> WHAT THE TASK ASKS
All that should be output is the block of lines below from the line with "for name, color, linetype, lineweight" to the line with "color=color, linetype=linetype, lineweight=lineweight)", both included, exactly as written.

> SUPPLIED DATA
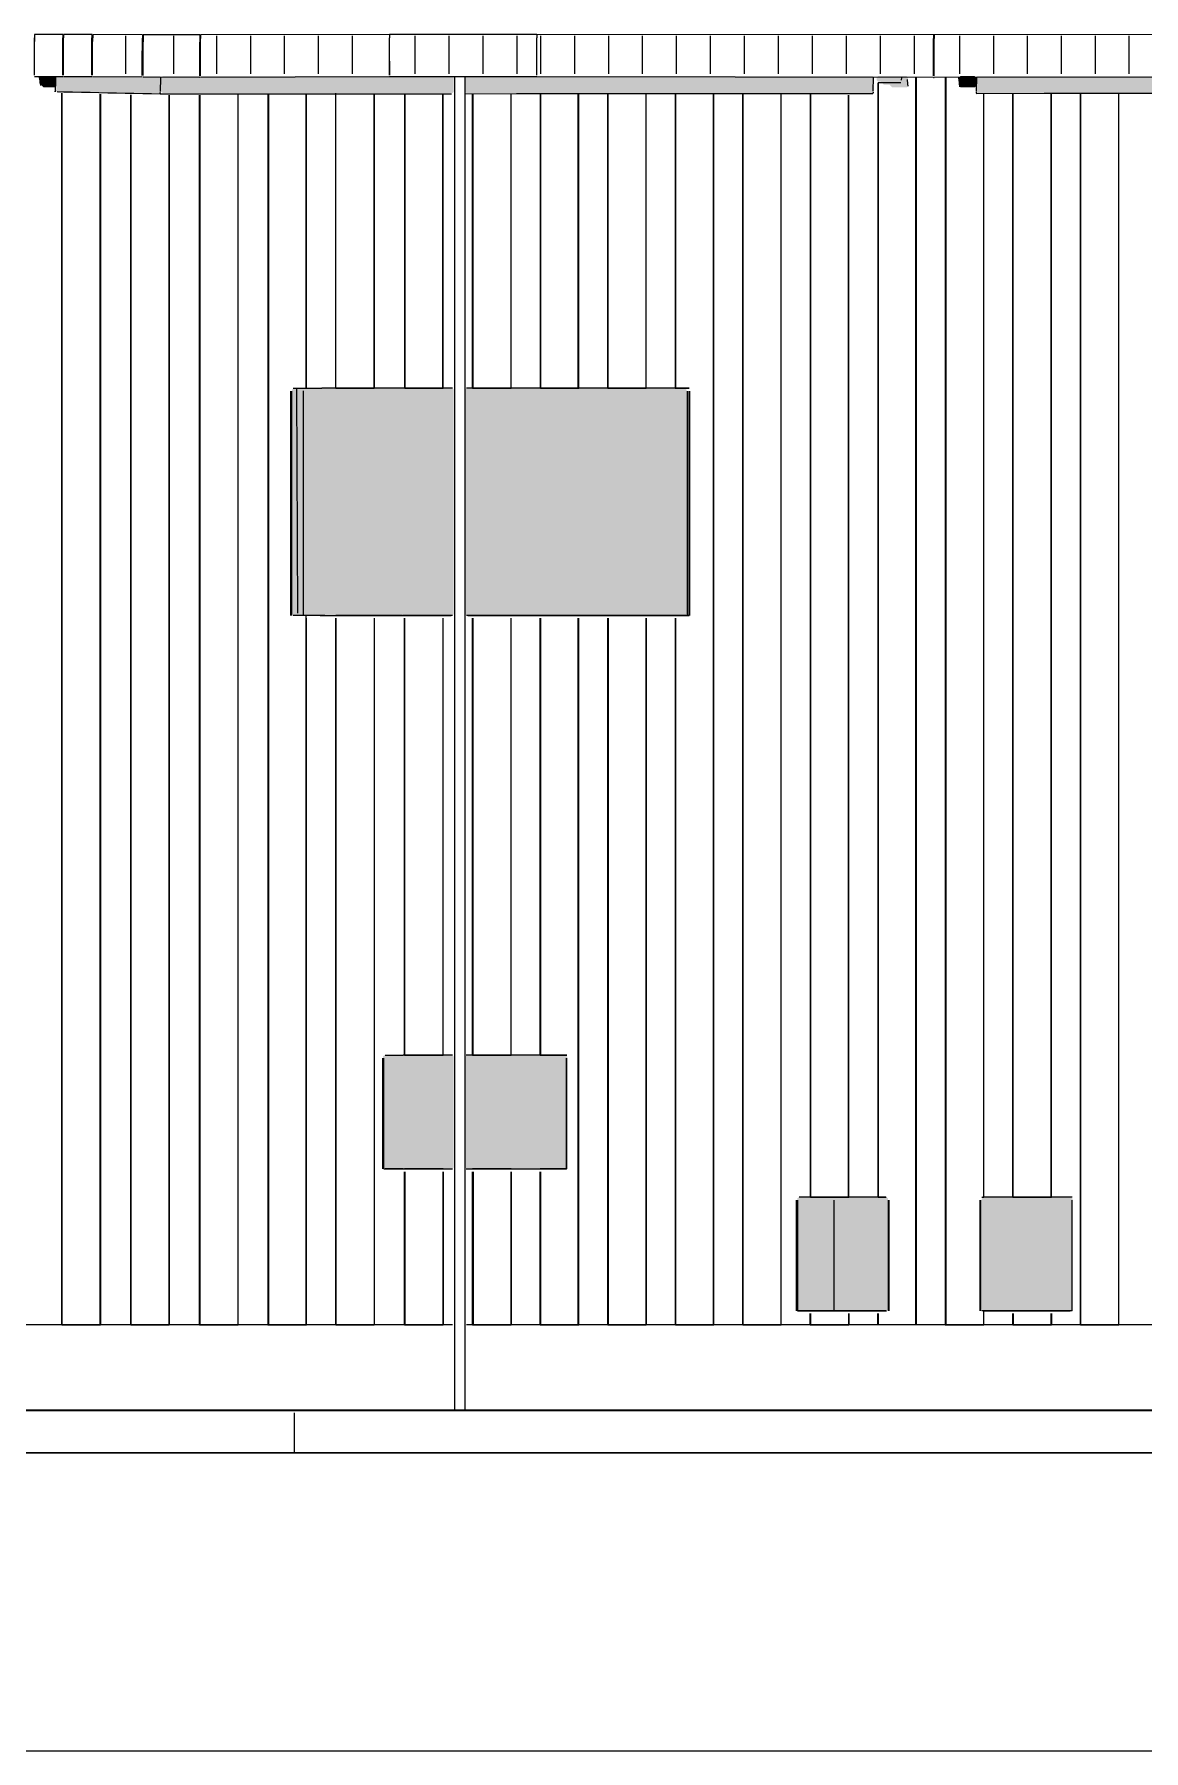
# Model space of a CAD drawing. Header units: millimetres. Extents: x 0 to 84100, y 0 to 59400.
# Drawn here: x 26707 to 30615, y 29193 to 35240 of the extents above; entities that cross this region are included whole.
import ezdxf

# ---------------------------------------------------------------- set-up
doc = ezdxf.new("R2010")
doc.units = ezdxf.units.MM
for name, color, linetype, lineweight in [('01_切断（構造・壁）', 7, 'Continuous', 35), ('09_立面の外形', 7, 'Continuous', 30), ('10_見えがかり', 7, 'Continuous', 13), ('12_見えがかり（ガラス）', 5, 'Continuous', 9), ('50_寸法', 3, 'Continuous', 9)]:
    doc.layers.add(name, color=color, linetype=linetype, lineweight=lineweight)

msp = doc.modelspace()

# ---------------------------------------------------------------- hatches: boundary and pattern name
at = {"layer": '10_見えがかり', "true_color": 0xe9dcc4}
for points in [[(26784.3, 35058.1), (26779.3, 35053.1), (26739.3, 35053.1), (26724.3, 35068.1), (26724.3, 35088.1), (26729.3, 35093.1), (26779.3, 35093.1), (26784.3, 35088.1)], [(29779.3, 35053.1), (29729.3, 35053.1), (29719.3, 35063.1), (29699.3, 35063.1), (29689.3, 35073.1), (29679.3, 35073.1), (29674.3, 35078.1), (29674.3, 35088.1), (29679.3, 35093.1), (29779.3, 35093.1), (29784.3, 35088.1), (29784.3, 35058.1)], [(30024.3, 35058.1), (30019.3, 35053.1), (29969.3, 35053.1), (29964.3, 35058.1), (29964.3, 35088.1), (29969.3, 35093.1), (30019.3, 35093.1), (30024.3, 35088.1)]]:
    msp.add_hatch(color=8, dxfattribs=at).paths.add_polyline_path(points)
at = {"layer": '10_見えがかり', "true_color": 0xbdbdbd}
for points in [[(27154.3, 35088.1), (27154.3, 35038.1), (27149.3, 35033.1), (26789.3, 35033.1), (26784.3, 35038.1), (26784.3, 35088.1), (26789.3, 35093.1), (27149.3, 35093.1)], [(28184.3, 35038.1), (28179.3, 35033.1), (27159.3, 35033.1), (27154.3, 35038.1), (27154.3, 35088.1), (27159.3, 35093.1), (28179.3, 35093.1), (28184.3, 35088.1)], [(29664.3, 35038.1), (29659.3, 35033.1), (28229.3, 35033.1), (28224.3, 35038.1), (28224.3, 35088.1), (28229.3, 35093.1), (29659.3, 35093.1), (29664.3, 35088.1)], [(32904.3, 35088.1), (32904.3, 35038.1), (32899.3, 35033.1), (30029.3, 35033.1), (30024.3, 35038.1), (30024.3, 35088.1), (30029.3, 35093.1), (32899.3, 35093.1)]]:
    msp.add_hatch(color=8, dxfattribs=at).paths.add_polyline_path(points)
at = {"layer": '12_見えがかり（ガラス）', "true_color": 0xdce9f2}
for points in [[(28184.3, 33988.1), (28184.3, 33198.1), (28179.3, 33193.1), (27619.3, 33193.1), (27614.3, 33198.1), (27614.3, 33988.1), (27619.3, 33993.1), (28179.3, 33993.1)], [(29004.3, 33988.1), (29004.3, 33198.1), (28999.3, 33193.1), (28229.3, 33193.1), (28224.3, 33198.1), (28224.3, 33988.1), (28229.3, 33993.1), (28999.3, 33993.1)], [(28184.3, 31638.1), (28184.3, 31248.1), (28179.3, 31243.1), (27939.3, 31243.1), (27934.3, 31248.1), (27934.3, 31638.1), (27939.3, 31643.1), (28179.3, 31643.1)], [(28584.3, 31638.1), (28584.3, 31248.1), (28579.3, 31243.1), (28229.3, 31243.1), (28224.3, 31248.1), (28224.3, 31638.1), (28229.3, 31643.1), (28579.3, 31643.1)], [(29709.3, 31143.1), (29714.3, 31138.1), (29714.3, 30748.1), (29709.3, 30743.1), (29399.3, 30743.1), (29394.3, 30748.1), (29394.3, 31138.1), (29399.3, 31143.1)], [(30359.3, 31143.1), (30364.3, 31138.1), (30364.3, 30748.1), (30359.3, 30743.1), (30049.3, 30743.1), (30044.3, 30748.1), (30044.3, 31138.1), (30049.3, 31143.1)]]:
    msp.add_hatch(color=8, dxfattribs=at).paths.add_polyline_path(points)

# ---------------------------------------------------------------- linework, layer by layer
at = {"layer": '01_切断（構造・壁）'}
msp.add_lwpolyline([(3834.3, 30393.1), (76265.7, 30393.1)], dxfattribs=at)
at = {"layer": '09_立面の外形'}
msp.add_lwpolyline([(69291.9, 30243.1), (12572.3, 30243.1)], dxfattribs=at)
at = {"layer": '09b_立面_大和張り'}
for points in [[(27029, 35101.1), (27029, 35235.1)], [(27198.3, 35101.1), (27198.3, 35235.1)], [(27349.2, 35101.1), (27349.2, 35235.1)], [(27468.8, 35101.1), (27468.8, 35235.1)], [(27588.3, 35101.1), (27588.3, 35235.1)], [(27707.9, 35101.1), (27707.9, 35235.1)], [(27827.5, 35101.1), (27827.5, 35235.1)], [(28048.6, 35101.1), (28048.6, 35235.1)], [(28168.2, 35101.1), (28168.2, 35235.1)], [(28287.9, 35101.1), (28287.9, 35235.1)], [(28407.6, 35101.1), (28407.6, 35235.1)], [(28490.4, 35101.1), (28490.4, 35235.1)], [(28610.1, 35101.1), (28610.1, 35235.1)], [(28729.9, 35101.1), (28729.9, 35235.1)], [(28849.6, 35101.1), (28849.6, 35235.1)], [(28969.3, 35101.1), (28969.3, 35235.1)], [(29089, 35101.1), (29089, 35235.1)], [(29208.7, 35101.1), (29208.7, 35235.1)], [(29328.5, 35101.1), (29328.5, 35235.1)], [(29448.2, 35101.1), (29448.2, 35235.1)], [(29567.9, 35101.1), (29567.9, 35235.1)], [(29687.6, 35101.1), (29687.6, 35235.1)], [(29807.3, 35101.1), (29807.3, 35235.1)], [(29967.1, 35101.1), (29967.1, 35235.1)], [(30086.5, 35101.1), (30086.5, 35235.1)], [(30205.8, 35101.1), (30205.8, 35235.1)], [(30325.1, 35101.1), (30325.1, 35235.1)], [(30444.5, 35101.1), (30444.5, 35235.1)], [(30563.8, 35101.1), (30563.8, 35235.1)]]:
    msp.add_lwpolyline(points, dxfattribs=at)
at = {"layer": '10_見えがかり'}
for points in [[(26806.7, 35240.3), (26707, 35240.3)], [(26707, 35240.3), (26707, 35215.3)], [(26707, 35240.3), (26707, 35227.8)], [(26707, 35215.3), (26707, 35227.8)], [(26707, 35202.8), (26707, 35215.3)], [(26707, 35190.3), (26707, 35202.8)], [(26806.7, 35240.3), (26806.7, 35215.3)], [(26806.7, 35240.3), (26806.7, 35227.8)], [(26806.7, 35215.3), (26806.7, 35227.8)], [(26806.7, 35202.8), (26806.7, 35215.3)], [(26806.7, 35190.3), (26806.7, 35202.8)], [(26909.2, 35240.3), (26809.3, 35240.3)], [(26809.3, 35240.3), (26809.3, 35227.8)], [(26809.3, 35215.3), (26809.3, 35227.8)], [(26809.3, 35202.8), (26809.3, 35215.3)], [(26809.3, 35190.3), (26809.3, 35202.8)], [(26909.2, 35240.3), (26909.2, 35227.8)], [(26909.2, 35215.3), (26909.2, 35227.8)], [(26909.2, 35202.8), (26909.2, 35215.3)], [(26909.2, 35190.3), (26909.2, 35202.8)], [(26911.8, 35190.3), (26911.9, 35202.8)], [(26911.9, 35202.8), (26912, 35215.3)], [(26912.2, 35240.3), (26912, 35215.3)], [(26912, 35215.3), (26912.1, 35227.8)], [(26912.2, 35240.3), (26912.1, 35227.8)], [(27087.5, 35239), (26912.2, 35240.3)], [(27087.1, 35189), (27087.2, 35201.5)], [(27087.2, 35201.5), (27087.3, 35214)], [(27087.5, 35239), (27087.3, 35214)], [(27087.3, 35214), (27087.4, 35226.5)], [(27087.5, 35239), (27087.4, 35226.5)], [(27090.2, 35201.5), (27090.3, 35214)], [(27090.2, 35189), (27090.2, 35201.5)], [(27090.4, 35239), (27090.3, 35214)], [(27290.1, 35238.2), (27090.4, 35239)], [(27289.9, 35200.7), (27290, 35213.2)], [(27289.9, 35188.2), (27289.9, 35200.7)], [(27290.1, 35238.2), (27290, 35213.2)], [(27958.1, 35240), (27291.8, 35238.2)], [(27291.8, 35238.2), (27291.8, 35225.7)], [(27291.9, 35213.2), (27291.8, 35225.7)], [(27291.9, 35200.7), (27291.9, 35213.2)], [(27291.9, 35188.2), (27291.9, 35200.7)], [(28477.2, 35240.3), (27957.5, 35240)], [(27957.5, 35240), (27957.5, 35227.5)], [(27957.5, 35215), (27957.5, 35227.5)], [(27957.5, 35202.5), (27957.5, 35215)], [(27957.5, 35190), (27957.5, 35202.5)], [(27958.1, 35240), (27958.1, 35227.5)], [(27958.2, 35215), (27958.1, 35227.5)], [(27958.2, 35202.5), (27958.2, 35215)], [(27958.2, 35190), (27958.2, 35202.5)], [(28476.8, 35215.3), (28476.9, 35227.8)], [(28476.8, 35202.8), (28476.8, 35215.3)], [(28476.8, 35190.3), (28476.8, 35202.8)], [(29874.2, 35238.3), (28476.9, 35240.3)], [(28476.9, 35240.3), (28476.9, 35227.8)], [(28477.2, 35240.3), (28477.2, 35227.8)], [(28477.2, 35215.3), (28477.2, 35227.8)], [(28477.2, 35202.8), (28477.2, 35215.3)], [(28477.2, 35190.3), (28477.2, 35202.8)], [(29874.2, 35238.3), (29874.1, 35225.8)], [(29874.1, 35213.3), (29874.1, 35225.8)], [(29874.1, 35200.8), (29874.1, 35213.3)], [(29874.1, 35188.3), (29874.1, 35200.8)], [(29875.3, 35238.3), (29874.3, 35238.3)], [(29875.3, 35238.3), (29876.4, 35238.3)], [(33058.8, 35240.3), (29876.4, 35238.3)], [(29876.4, 35238.3), (29876.4, 35225.8)], [(29876.4, 35213.3), (29876.4, 35225.8)], [(29876.4, 35200.8), (29876.4, 35213.3)], [(29876.4, 35188.3), (29876.4, 35200.8)], [(26707, 35177.8), (26707, 35190.3)], [(26707, 35165.3), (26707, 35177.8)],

> RESPONSE TO THIS EXERCISE
for name, color, linetype, lineweight in [('01_切断（構造・壁）', 7, 'Continuous', 35), ('09_立面の外形', 7, 'Continuous', 30), ('10_見えがかり', 7, 'Continuous', 13), ('12_見えがかり（ガラス）', 5, 'Continuous', 9), ('50_寸法', 3, 'Continuous', 9)]:
    doc.layers.add(name, color=color, linetype=linetype, lineweight=lineweight)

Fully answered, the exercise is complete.